*** Input data ***

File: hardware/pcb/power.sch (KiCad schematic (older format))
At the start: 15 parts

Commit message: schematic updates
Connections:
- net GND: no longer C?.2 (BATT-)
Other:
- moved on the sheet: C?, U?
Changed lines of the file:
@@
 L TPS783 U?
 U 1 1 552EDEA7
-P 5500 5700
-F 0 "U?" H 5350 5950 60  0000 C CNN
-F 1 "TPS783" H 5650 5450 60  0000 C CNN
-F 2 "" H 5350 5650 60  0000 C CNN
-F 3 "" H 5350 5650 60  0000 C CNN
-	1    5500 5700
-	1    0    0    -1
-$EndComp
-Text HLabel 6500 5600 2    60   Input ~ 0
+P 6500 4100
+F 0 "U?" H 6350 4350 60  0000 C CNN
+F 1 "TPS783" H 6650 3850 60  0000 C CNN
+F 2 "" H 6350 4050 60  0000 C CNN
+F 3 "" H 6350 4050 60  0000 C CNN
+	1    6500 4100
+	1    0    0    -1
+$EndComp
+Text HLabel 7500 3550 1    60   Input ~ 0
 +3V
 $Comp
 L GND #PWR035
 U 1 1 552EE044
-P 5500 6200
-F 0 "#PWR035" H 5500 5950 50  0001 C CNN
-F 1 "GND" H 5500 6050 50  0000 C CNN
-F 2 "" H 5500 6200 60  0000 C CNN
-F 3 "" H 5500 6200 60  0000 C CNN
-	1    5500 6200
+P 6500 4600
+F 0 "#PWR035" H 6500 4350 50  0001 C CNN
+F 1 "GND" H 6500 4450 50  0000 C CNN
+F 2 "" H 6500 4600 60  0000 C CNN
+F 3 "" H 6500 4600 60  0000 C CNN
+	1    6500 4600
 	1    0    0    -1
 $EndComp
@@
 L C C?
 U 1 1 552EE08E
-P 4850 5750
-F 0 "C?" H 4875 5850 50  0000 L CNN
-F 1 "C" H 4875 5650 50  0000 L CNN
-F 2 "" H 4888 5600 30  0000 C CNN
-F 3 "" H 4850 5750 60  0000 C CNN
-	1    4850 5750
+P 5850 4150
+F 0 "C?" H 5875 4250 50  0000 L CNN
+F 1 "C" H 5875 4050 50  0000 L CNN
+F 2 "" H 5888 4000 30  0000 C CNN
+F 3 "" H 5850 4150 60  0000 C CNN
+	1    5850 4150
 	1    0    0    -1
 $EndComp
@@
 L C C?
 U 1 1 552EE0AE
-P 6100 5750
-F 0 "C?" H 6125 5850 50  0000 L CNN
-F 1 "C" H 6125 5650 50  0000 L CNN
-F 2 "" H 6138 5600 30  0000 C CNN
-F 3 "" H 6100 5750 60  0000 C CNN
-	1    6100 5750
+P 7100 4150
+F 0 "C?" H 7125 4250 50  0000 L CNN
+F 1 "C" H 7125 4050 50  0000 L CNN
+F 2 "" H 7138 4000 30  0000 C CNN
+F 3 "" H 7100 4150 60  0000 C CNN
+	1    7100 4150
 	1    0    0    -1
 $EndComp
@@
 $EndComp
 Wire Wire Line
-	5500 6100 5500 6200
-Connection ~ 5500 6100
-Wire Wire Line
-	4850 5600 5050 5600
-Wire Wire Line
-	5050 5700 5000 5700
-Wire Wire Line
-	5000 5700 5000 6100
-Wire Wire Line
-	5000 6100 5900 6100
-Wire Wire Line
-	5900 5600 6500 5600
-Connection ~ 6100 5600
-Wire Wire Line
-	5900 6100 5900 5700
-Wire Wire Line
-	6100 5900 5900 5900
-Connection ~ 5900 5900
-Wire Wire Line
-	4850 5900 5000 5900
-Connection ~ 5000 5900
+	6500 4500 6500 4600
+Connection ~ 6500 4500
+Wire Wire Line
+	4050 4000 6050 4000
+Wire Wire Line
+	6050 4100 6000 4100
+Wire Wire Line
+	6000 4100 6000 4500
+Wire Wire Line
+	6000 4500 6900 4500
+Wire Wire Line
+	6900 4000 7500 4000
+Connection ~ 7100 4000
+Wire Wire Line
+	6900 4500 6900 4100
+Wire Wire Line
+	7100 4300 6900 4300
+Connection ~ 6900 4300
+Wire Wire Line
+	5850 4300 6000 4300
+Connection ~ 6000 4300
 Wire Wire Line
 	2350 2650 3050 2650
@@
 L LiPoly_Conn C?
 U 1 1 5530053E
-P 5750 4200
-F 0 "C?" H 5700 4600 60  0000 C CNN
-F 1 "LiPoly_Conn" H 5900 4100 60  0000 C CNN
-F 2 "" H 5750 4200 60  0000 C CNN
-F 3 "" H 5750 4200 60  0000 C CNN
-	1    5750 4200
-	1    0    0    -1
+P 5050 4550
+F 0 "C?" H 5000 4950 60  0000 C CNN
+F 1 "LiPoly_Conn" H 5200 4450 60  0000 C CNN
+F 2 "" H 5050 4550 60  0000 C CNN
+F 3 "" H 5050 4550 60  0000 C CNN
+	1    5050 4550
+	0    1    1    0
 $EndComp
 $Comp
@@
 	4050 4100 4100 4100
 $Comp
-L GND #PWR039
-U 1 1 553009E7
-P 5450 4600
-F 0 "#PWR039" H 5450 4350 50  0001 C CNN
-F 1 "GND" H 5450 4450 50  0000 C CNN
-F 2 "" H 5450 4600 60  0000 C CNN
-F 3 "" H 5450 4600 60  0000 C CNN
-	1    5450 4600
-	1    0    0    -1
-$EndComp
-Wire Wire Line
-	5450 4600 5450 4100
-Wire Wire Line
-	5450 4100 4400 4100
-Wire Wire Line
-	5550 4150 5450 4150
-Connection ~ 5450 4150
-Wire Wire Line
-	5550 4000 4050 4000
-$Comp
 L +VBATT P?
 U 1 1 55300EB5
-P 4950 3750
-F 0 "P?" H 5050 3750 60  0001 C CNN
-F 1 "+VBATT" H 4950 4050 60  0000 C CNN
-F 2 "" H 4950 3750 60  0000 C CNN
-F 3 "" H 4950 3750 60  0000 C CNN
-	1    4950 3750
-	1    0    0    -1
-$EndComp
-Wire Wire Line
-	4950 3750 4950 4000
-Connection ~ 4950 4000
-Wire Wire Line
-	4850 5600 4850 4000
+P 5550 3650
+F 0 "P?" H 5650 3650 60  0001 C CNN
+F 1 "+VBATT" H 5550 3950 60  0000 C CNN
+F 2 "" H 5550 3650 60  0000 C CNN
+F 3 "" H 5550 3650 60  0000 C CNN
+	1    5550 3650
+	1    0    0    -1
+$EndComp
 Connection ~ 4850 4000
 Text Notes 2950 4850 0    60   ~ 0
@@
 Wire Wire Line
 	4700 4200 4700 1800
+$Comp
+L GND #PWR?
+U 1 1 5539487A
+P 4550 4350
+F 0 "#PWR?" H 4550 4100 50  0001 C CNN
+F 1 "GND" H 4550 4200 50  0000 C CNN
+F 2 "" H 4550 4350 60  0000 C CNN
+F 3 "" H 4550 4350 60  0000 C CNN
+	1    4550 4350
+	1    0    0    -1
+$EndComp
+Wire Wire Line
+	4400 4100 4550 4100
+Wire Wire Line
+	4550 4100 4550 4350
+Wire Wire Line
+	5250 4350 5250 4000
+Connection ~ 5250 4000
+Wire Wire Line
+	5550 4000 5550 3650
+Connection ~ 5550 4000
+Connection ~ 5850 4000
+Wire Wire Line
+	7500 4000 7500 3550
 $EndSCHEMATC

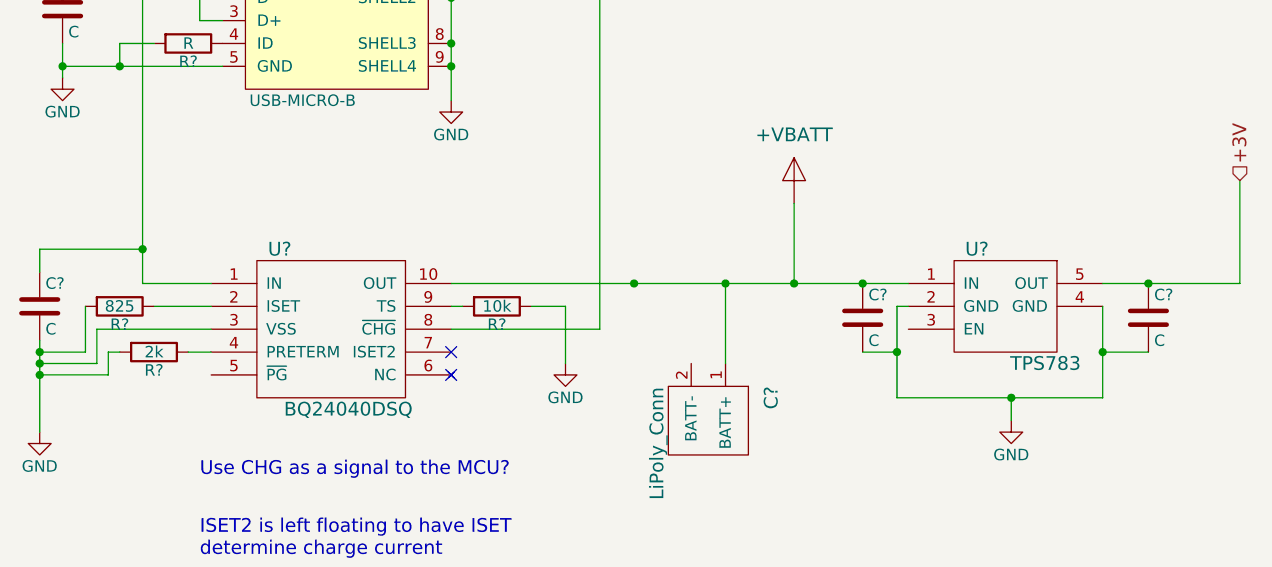
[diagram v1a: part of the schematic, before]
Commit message: Added component values
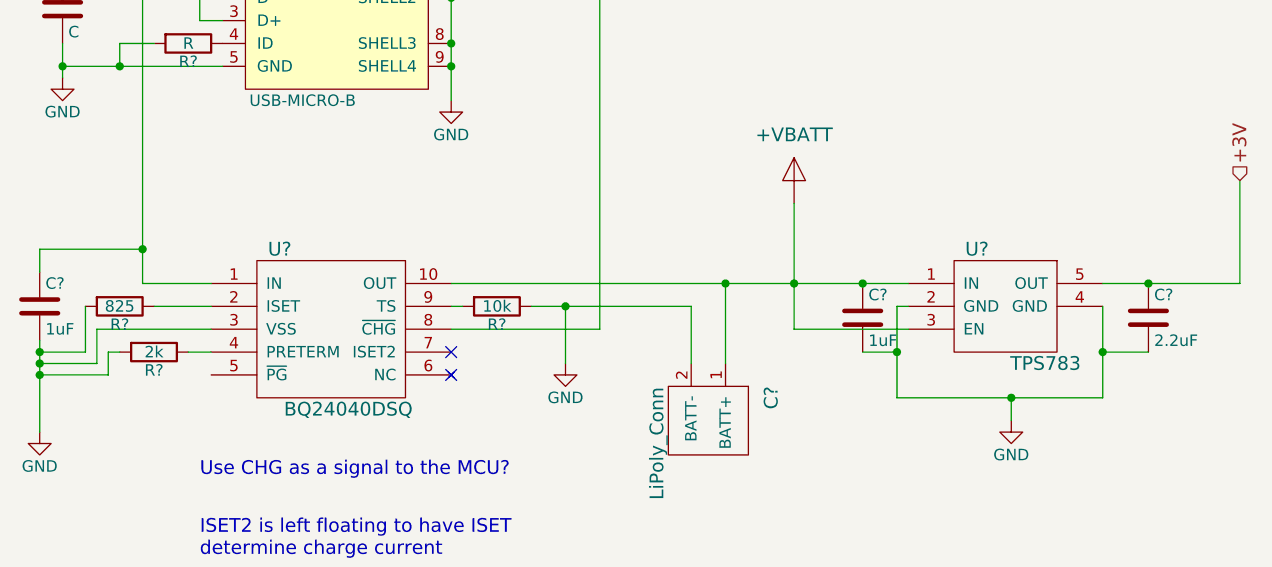
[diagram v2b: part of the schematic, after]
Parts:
- C? (x2): value C -> 1uF
- C?: value C -> 2.2uF
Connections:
- net GND: now also C?.2 (BATT-)
- net Vbatt: now also U?.3 (EN)
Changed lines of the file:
@@
 P 5850 4150
 F 0 "C?" H 5875 4250 50  0000 L CNN
-F 1 "C" H 5875 4050 50  0000 L CNN
+F 1 "1uF" H 5875 4050 50  0000 L CNN
 F 2 "" H 5888 4000 30  0000 C CNN
 F 3 "" H 5850 4150 60  0000 C CNN
@@
 P 7100 4150
 F 0 "C?" H 7125 4250 50  0000 L CNN
-F 1 "C" H 7125 4050 50  0000 L CNN
+F 1 "2.2uF" H 7125 4050 50  0000 L CNN
 F 2 "" H 7138 4000 30  0000 C CNN
 F 3 "" H 7100 4150 60  0000 C CNN
@@
 P 2250 4100
 F 0 "C?" H 2275 4200 50  0000 L CNN
-F 1 "C" H 2275 4000 50  0000 L CNN
+F 1 "1uF" H 2275 4000 50  0000 L CNN
 F 2 "" H 2288 3950 30  0000 C CNN
 F 3 "" H 2250 4100 60  0000 C CNN
@@
 	1    0    0    -1
 $EndComp
-Connection ~ 4850 4000
 Text Notes 2950 4850 0    60   ~ 0
 Use CHG as a signal to the MCU?
@@
 $EndComp
 Wire Wire Line
-	4400 4100 4550 4100
+	4400 4100 5100 4100
 Wire Wire Line
 	4550 4100 4550 4350
@@
 Connection ~ 5250 4000
 Wire Wire Line
-	5550 4000 5550 3650
+	5550 3650 5550 4200
 Connection ~ 5550 4000
 Connection ~ 5850 4000
 Wire Wire Line
 	7500 4000 7500 3550
+Wire Wire Line
+	5100 4100 5100 4350
+Connection ~ 4550 4100
+Wire Wire Line
+	5550 4200 6050 4200
 $EndSCHEMATC

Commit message: more changes
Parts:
- removed R?: R, symbol R
- gave numbers to parts that had none: 13
- renumbered 1uF to U8
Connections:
- net GND: now also CON1.4 (ID)
- net ~PG: now reaches U9.5 (~PG)

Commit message: mega commit
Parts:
- removed P1: +VBATT, symbol +VBATT
- added JP1, JP2: JUMPER, aero:Pin_Header_1x02, symbol JUMPER
- C28: renamed from C26; footprint (none) -> Capacitors_SMD:C_0603
- C29: renamed from U8; value C -> 1uF; footprint (none) -> Capacitors_SMD:C_0603
- C30: renamed from C28; footprint (none) -> Capacitors_SMD:C_0603
- C31: renamed from C29; footprint (none) -> Capacitors_SMD:C_0603
- CON1: footprint (none) -> aero:WM1399CT-ND
- J2: renamed from C27; footprint (none) -> Capacitors_SMD:C_1206_HandSoldering
- R10: renamed from R9; footprint (none) -> Resistors_SMD:R_0603
- R11: renamed from R10; footprint (none) -> Resistors_SMD:R_0603
- R7: renamed from R6; footprint (none) -> Resistors_SMD:R_0603
- R8: renamed from R7; footprint (none) -> Resistors_SMD:R_0603
- R9: renamed from R8; footprint (none) -> Resistors_SMD:R_0603
- U6: renamed from U9; footprint (none) -> aero:WSON-10-1EP
- U7: renamed from U10; footprint (none) -> Housings_SOT-23_SOT-143_TSOT-6:SOT-23-5
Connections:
- net Vbatt: now also JP2.1; no longer J2.1 (BATT+)
- net at C29.1, CON1.1 (VBUS): now also JP1.1; no longer C28.1, U6.1 (IN)
- new net: C28.1, JP1.2, U6.1 (IN)
- new net: J2.1 (BATT+), JP2.2
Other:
- moved on the sheet: C30, J2

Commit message: pre major restructuring commit
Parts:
- C25: renamed from C28; footprint Capacitors_SMD:C_0603 -> Capacitors_SMD:C_0402
- C26: renamed from C29; footprint Capacitors_SMD:C_0603 -> Capacitors_SMD:C_0402
- C27: renamed from C30; footprint Capacitors_SMD:C_0603 -> Capacitors_SMD:C_0402
- C28: renamed from C31; footprint Capacitors_SMD:C_0603 -> Capacitors_SMD:C_0402
- CON1: footprint aero:WM1399CT-ND -> (none)
- J2: footprint Capacitors_SMD:C_1206_HandSoldering -> (none)
- JP1, JP2: footprint aero:Pin_Header_1x02 -> (none)
- R10: renamed from R11; footprint Resistors_SMD:R_0603 -> Resistors_SMD:R_0402
- R6: renamed from R7; footprint Resistors_SMD:R_0603 -> Resistors_SMD:R_0402
- R7: renamed from R8; footprint Resistors_SMD:R_0603 -> Resistors_SMD:R_0402
- R8: renamed from R9; footprint Resistors_SMD:R_0603 -> Resistors_SMD:R_0402
- R9: renamed from R10; footprint Resistors_SMD:R_0603 -> Resistors_SMD:R_0402
- renumbered U6 to U7, U7 to U8
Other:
- note removed: "Use CHG as a signal to the MCU?"
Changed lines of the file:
@@
 $Descr A4 11693 8268
 encoding utf-8
-Sheet 6 7
+Sheet 6 8
 Title ""
 Date ""
@@
 $EndDescr
 $Comp
-L BQ24040DSQ U6
+L BQ24040DSQ U7
 U 1 1 552EDAA5
 P 3550 4400
-F 0 "U6" H 3300 4950 60  0000 C CNN
+F 0 "U7" H 3300 4950 60  0000 C CNN
 F 1 "BQ24040DSQ" H 3600 4250 60  0000 C CNN
 F 2 "aero:WSON-10-1EP" H 3400 4400 60  0001 C CNN
@@
 $EndComp
 $Comp
-L TPS783 U7
+L TPS783 U8
 U 1 1 552EDEA7
 P 6500 4100
-F 0 "U7" H 6350 4350 60  0000 C CNN
+F 0 "U8" H 6350 4350 60  0000 C CNN
 F 1 "TPS783" H 6650 3850 60  0000 C CNN
 F 2 "Housings_SOT-23_SOT-143_TSOT-6:SOT-23-5" H 6350 4050 60  0001 C CNN
@@
 +3V
 $Comp
-L GND #PWR043
+L GND #PWR039
 U 1 1 552EE044
 P 6500 4600
-F 0 "#PWR043" H 6500 4350 50  0001 C CNN
+F 0 "#PWR039" H 6500 4350 50  0001 C CNN
 F 1 "GND" H 6500 4450 50  0000 C CNN
 F 2 "" H 6500 4600 60  0000 C CNN
@@
 $EndComp
 $Comp
-L C C30
+L C C27
 U 1 1 552EE08E
 P 5750 4300
-F 0 "C30" H 5775 4400 50  0000 L CNN
+F 0 "C27" H 5775 4400 50  0000 L CNN
 F 1 "1uF" H 5775 4200 50  0000 L CNN
-F 2 "Capacitors_SMD:C_0603" H 5788 4150 30  0001 C CNN
+F 2 "Capacitors_SMD:C_0402" H 5788 4150 30  0001 C CNN
 F 3 "" H 5750 4300 60  0000 C CNN
 	1    5750 4300
@@
 $EndComp
 $Comp
-L C C31
+L C C28
 U 1 1 552EE0AE
 P 7100 4150
-F 0 "C31" H 7125 4250 50  0000 L CNN
+F 0 "C28" H 7125 4250 50  0000 L CNN
 F 1 "2.2uF" H 7125 4050 50  0000 L CNN
-F 2 "Capacitors_SMD:C_0603" H 7138 4000 30  0001 C CNN
+F 2 "Capacitors_SMD:C_0402" H 7138 4000 30  0001 C CNN
 F 3 "" H 7100 4150 60  0000 C CNN
 	1    7100 4150
@@
 $EndComp
 $Comp
-L C C29
+L C C26
 U 1 1 552EE372
 P 2350 2800
-F 0 "C29" H 2375 2900 50  0000 L CNN
+F 0 "C26" H 2375 2900 50  0000 L CNN
 F 1 "1uF" H 2375 2700 50  0000 L CNN
-F 2 "Capacitors_SMD:C_0603" H 2388 2650 30  0001 C CNN
+F 2 "Capacitors_SMD:C_0402" H 2388 2650 30  0001 C CNN
 F 3 "" H 2350 2800 60  0000 C CNN
 	1    2350 2800
@@
 $EndComp
 $Comp
-L GND #PWR044
+L GND #PWR040
 U 1 1 552EE3B1
 P 2350 3100
-F 0 "#PWR044" H 2350 2850 50  0001 C CNN
+F 0 "#PWR040" H 2350 2850 50  0001 C CNN
 F 1 "GND" H 2350 2950 50  0000 C CNN
 F 2 "" H 2350 3100 60  0000 C CNN
@@
 NoConn ~ 4050 4400
 $Comp
-L R R9
+L R R8
 U 1 1 552EFAB2
 P 2800 2150
-F 0 "R9" V 2880 2150 50  0000 C CNN
+F 0 "R8" V 2880 2150 50  0000 C CNN
 F 1 "22" V 2800 2150 50  0000 C CNN
-F 2 "Resistors_SMD:R_0603" V 2730 2150 30  0001 C CNN
+F 2 "Resistors_SMD:R_0402" V 2730 2150 30  0001 C CNN
 F 3 "" H 2800 2150 30  0000 C CNN
 	1    2800 2150
@@
 $EndComp
 $Comp
-L R R10
+L R R9
 U 1 1 552EFAE6
 P 2950 2150
-F 0 "R10" V 3030 2150 50  0000 C CNN
+F 0 "R9" V 3030 2150 50  0000 C CNN
 F 1 "22" V 2950 2150 50  0000 C CNN
-F 2 "Resistors_SMD:R_0603" V 2880 2150 30  0001 C CNN
+F 2 "Resistors_SMD:R_0402" V 2880 2150 30  0001 C CNN
 F 3 "" H 2950 2150 30  0000 C CNN
 	1    2950 2150
@@
 F 0 "CON1" H 3250 3200 50  0000 C CNN
 F 1 "USB-MICRO-B" H 3400 2500 50  0000 C CNN
-F 2 "aero:WM1399CT-ND" H 3550 2750 50  0001 C CNN
+F 2 "" H 3550 2750 50  0001 C CNN
 F 3 "" H 3550 2750 50  0000 C CNN
 	1    3550 2850
@@
 $EndComp
 $Comp
-L GND #PWR045
+L GND #PWR041
 U 1 1 552EFF3B
 P 4050 3200
-F 0 "#PWR045" H 4050 2950 50  0001 C CNN
+F 0 "#PWR041" H 4050 2950 50  0001 C CNN
 F 1 "GND" H 4050 3050 50  0000 C CNN
 F 2 "" H 4050 3200 60  0000 C CNN
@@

*** End of Input data ***

Task requirements =
Look above for the line with "-Connection ~ 6100 5600"; retype exactly that line, every line after it up to the line with "-P 5450 4600", and that line too, nothing else.

Task result =
-Connection ~ 6100 5600
-Wire Wire Line
-	5900 6100 5900 5700
-Wire Wire Line
-	6100 5900 5900 5900
-Connection ~ 5900 5900
-Wire Wire Line
-	4850 5900 5000 5900
-Connection ~ 5000 5900
+	6500 4500 6500 4600
+Connection ~ 6500 4500
+Wire Wire Line
+	4050 4000 6050 4000
+Wire Wire Line
+	6050 4100 6000 4100
+Wire Wire Line
+	6000 4100 6000 4500
+Wire Wire Line
+	6000 4500 6900 4500
+Wire Wire Line
+	6900 4000 7500 4000
+Connection ~ 7100 4000
+Wire Wire Line
+	6900 4500 6900 4100
+Wire Wire Line
+	7100 4300 6900 4300
+Connection ~ 6900 4300
+Wire Wire Line
+	5850 4300 6000 4300
+Connection ~ 6000 4300
 Wire Wire Line
 	2350 2650 3050 2650
@@
 L LiPoly_Conn C?
 U 1 1 5530053E
-P 5750 4200
-F 0 "C?" H 5700 4600 60  0000 C CNN
-F 1 "LiPoly_Conn" H 5900 4100 60  0000 C CNN
-F 2 "" H 5750 4200 60  0000 C CNN
-F 3 "" H 5750 4200 60  0000 C CNN
-	1    5750 4200
-	1    0    0    -1
+P 5050 4550
+F 0 "C?" H 5000 4950 60  0000 C CNN
+F 1 "LiPoly_Conn" H 5200 4450 60  0000 C CNN
+F 2 "" H 5050 4550 60  0000 C CNN
+F 3 "" H 5050 4550 60  0000 C CNN
+	1    5050 4550
+	0    1    1    0
 $EndComp
 $Comp
@@
 	4050 4100 4100 4100
 $Comp
-L GND #PWR039
-U 1 1 553009E7
-P 5450 4600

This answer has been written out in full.